# Supplied data
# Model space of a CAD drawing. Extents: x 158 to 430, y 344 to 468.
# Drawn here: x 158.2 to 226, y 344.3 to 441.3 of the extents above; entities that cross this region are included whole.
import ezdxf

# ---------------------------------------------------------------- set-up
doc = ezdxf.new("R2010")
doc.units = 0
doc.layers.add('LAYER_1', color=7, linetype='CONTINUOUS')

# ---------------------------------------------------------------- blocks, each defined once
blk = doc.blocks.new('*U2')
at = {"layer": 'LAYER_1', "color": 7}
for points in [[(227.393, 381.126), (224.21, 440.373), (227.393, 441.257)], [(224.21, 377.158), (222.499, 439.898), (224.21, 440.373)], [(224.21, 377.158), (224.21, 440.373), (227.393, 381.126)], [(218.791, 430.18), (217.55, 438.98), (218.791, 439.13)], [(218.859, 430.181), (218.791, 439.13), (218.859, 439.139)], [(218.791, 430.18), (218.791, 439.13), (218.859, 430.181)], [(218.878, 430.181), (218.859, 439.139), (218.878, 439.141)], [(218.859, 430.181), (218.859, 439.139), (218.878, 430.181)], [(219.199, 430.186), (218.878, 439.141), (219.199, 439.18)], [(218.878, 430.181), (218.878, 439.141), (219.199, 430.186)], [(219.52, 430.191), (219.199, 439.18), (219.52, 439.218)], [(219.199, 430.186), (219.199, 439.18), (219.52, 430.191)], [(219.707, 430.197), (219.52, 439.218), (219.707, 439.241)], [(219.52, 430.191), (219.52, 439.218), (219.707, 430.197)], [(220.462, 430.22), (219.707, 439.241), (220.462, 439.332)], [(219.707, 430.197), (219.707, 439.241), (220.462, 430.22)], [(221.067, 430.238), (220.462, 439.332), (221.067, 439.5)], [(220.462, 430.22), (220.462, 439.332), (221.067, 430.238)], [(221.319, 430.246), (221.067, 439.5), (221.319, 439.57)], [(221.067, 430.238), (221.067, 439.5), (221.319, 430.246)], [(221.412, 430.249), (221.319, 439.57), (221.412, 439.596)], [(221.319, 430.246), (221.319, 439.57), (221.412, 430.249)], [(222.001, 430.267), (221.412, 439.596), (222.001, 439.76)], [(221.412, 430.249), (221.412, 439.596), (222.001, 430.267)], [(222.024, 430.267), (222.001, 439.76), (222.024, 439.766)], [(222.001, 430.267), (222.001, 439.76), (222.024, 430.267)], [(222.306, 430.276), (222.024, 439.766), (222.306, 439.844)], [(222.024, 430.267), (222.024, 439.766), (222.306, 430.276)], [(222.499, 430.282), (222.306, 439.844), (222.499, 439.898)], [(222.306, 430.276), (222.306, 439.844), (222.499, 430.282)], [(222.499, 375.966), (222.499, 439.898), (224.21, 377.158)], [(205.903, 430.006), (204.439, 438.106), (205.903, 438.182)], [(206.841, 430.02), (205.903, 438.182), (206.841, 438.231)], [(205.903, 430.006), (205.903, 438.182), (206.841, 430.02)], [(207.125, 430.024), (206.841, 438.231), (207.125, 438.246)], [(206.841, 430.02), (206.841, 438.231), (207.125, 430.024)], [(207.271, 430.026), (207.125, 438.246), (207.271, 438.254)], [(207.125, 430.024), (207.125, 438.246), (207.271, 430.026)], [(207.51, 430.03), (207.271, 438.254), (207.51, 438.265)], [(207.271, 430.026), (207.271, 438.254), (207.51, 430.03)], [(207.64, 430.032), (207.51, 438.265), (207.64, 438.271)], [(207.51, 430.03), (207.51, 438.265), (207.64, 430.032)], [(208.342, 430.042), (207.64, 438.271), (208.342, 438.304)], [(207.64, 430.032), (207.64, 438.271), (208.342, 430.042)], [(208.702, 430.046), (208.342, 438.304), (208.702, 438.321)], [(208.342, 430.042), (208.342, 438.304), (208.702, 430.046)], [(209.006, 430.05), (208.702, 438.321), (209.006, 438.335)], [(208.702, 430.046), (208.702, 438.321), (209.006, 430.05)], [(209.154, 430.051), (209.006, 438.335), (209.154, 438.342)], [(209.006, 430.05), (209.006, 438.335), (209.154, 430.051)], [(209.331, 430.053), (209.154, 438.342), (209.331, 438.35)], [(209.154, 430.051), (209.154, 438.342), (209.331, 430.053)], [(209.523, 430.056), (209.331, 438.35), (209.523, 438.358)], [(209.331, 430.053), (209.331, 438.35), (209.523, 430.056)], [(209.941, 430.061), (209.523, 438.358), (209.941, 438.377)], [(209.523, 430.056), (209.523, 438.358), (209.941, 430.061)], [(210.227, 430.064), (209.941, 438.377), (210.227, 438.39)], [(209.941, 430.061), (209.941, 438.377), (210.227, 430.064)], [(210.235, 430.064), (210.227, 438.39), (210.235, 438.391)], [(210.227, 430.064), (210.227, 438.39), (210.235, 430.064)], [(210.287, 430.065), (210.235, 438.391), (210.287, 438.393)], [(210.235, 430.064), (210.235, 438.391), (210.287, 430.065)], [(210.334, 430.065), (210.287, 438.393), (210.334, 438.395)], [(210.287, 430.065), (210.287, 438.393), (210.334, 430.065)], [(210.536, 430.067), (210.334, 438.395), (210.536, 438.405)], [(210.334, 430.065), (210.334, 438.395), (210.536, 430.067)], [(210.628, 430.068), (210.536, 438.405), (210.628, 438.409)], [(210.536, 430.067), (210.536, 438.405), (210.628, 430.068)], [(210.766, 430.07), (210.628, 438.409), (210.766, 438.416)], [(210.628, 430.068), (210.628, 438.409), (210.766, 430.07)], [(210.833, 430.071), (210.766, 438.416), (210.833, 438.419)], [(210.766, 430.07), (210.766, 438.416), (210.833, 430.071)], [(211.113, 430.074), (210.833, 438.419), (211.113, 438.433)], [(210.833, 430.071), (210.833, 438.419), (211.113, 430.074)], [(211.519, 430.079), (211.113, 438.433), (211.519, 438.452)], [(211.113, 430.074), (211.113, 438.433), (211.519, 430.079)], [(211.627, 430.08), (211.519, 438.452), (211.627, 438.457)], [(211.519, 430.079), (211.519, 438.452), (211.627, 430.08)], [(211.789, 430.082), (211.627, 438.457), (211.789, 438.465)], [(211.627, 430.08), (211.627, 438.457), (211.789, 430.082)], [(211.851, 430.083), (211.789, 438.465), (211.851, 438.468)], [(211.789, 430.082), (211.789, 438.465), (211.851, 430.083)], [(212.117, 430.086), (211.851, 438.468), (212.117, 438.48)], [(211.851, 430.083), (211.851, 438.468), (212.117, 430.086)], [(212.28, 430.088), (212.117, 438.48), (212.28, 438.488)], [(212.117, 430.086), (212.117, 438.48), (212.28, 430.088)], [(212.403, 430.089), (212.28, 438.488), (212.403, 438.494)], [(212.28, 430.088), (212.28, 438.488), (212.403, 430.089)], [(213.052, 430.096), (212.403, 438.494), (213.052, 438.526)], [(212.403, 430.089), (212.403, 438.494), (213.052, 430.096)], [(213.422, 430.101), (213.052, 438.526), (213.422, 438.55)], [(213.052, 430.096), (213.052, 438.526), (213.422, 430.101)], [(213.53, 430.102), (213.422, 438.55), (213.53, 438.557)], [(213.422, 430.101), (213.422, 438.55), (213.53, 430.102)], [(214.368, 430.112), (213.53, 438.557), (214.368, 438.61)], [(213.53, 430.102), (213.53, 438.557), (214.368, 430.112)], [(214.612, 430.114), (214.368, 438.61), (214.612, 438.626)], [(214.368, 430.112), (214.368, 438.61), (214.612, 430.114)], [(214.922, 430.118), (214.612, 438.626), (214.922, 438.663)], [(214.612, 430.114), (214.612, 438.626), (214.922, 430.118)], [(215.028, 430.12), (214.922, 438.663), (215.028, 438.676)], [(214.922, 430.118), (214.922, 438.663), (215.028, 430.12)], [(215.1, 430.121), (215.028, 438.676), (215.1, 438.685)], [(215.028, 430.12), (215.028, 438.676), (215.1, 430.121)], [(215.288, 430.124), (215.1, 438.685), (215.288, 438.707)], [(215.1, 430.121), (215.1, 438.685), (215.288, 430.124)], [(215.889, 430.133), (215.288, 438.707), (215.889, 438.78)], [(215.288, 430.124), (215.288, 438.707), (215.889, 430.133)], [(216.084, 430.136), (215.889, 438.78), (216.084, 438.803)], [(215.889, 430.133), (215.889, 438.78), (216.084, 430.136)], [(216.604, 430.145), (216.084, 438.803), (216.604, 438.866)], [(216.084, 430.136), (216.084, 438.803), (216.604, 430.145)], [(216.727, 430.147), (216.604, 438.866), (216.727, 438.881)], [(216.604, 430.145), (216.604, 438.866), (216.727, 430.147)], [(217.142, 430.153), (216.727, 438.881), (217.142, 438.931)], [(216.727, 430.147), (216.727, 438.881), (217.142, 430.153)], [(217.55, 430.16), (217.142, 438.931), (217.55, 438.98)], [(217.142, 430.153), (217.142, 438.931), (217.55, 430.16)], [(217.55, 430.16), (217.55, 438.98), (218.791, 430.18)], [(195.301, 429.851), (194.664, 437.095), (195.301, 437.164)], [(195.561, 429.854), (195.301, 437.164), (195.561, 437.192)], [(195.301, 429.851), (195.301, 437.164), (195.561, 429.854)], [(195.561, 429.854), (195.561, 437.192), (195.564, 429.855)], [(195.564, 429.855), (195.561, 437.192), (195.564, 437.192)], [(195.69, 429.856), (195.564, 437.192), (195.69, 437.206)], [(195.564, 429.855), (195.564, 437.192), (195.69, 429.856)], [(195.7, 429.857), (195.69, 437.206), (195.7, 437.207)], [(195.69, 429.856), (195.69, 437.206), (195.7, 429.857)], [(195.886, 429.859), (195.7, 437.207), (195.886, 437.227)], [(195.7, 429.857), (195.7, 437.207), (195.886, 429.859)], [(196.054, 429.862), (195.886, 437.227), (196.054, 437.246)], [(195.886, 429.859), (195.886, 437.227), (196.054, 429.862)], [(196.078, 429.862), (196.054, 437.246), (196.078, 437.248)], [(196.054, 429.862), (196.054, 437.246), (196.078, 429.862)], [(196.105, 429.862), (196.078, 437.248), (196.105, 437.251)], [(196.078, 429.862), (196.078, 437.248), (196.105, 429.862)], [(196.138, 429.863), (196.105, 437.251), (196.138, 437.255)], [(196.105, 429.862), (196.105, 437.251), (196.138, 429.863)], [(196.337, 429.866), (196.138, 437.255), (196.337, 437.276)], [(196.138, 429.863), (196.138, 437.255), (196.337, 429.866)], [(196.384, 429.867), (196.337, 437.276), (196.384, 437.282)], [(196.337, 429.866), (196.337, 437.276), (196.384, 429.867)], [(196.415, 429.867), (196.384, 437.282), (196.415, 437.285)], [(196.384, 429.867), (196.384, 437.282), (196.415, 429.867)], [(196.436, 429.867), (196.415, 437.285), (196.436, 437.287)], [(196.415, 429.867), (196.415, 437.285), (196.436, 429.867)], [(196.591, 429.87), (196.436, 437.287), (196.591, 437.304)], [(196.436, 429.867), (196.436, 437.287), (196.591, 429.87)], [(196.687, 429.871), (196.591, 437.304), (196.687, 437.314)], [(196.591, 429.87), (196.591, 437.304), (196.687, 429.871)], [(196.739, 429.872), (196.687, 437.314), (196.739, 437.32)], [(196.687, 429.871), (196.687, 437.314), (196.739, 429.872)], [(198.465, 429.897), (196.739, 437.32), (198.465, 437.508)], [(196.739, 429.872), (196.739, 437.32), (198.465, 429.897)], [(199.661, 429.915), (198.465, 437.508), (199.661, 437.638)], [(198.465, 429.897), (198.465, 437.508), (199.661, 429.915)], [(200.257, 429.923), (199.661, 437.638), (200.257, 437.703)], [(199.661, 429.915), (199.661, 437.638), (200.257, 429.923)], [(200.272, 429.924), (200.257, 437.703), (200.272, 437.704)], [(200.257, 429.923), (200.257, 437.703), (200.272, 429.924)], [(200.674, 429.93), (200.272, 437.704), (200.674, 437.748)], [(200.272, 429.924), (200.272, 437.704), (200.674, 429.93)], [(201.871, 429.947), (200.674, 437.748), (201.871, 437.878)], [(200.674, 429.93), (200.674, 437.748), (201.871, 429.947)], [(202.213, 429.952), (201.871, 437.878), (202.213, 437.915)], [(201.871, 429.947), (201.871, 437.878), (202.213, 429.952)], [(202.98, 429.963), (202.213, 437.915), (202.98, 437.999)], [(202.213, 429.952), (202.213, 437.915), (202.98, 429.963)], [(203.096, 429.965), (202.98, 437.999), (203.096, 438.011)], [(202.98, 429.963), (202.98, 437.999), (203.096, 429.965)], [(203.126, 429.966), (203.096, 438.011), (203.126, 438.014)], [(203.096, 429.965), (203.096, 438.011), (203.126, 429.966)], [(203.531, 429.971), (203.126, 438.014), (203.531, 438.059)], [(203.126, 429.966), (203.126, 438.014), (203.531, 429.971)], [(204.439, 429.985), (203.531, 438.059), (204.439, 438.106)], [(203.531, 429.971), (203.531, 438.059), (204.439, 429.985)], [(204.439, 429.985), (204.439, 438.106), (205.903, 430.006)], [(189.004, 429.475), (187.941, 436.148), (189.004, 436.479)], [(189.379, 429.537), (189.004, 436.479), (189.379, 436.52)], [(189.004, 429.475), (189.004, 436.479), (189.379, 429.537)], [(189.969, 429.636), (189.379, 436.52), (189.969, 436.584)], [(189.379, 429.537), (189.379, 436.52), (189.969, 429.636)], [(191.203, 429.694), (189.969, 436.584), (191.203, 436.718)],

# Problem details
Copy the lines above exactly, from the very first through the one containing "doc.units = 0", and include no other line.

# Expected output
# Model space of a CAD drawing. Extents: x 158 to 430, y 344 to 468.
# Drawn here: x 158.2 to 226, y 344.3 to 441.3 of the extents above; entities that cross this region are included whole.
import ezdxf

# ---------------------------------------------------------------- set-up
doc = ezdxf.new("R2010")
doc.units = 0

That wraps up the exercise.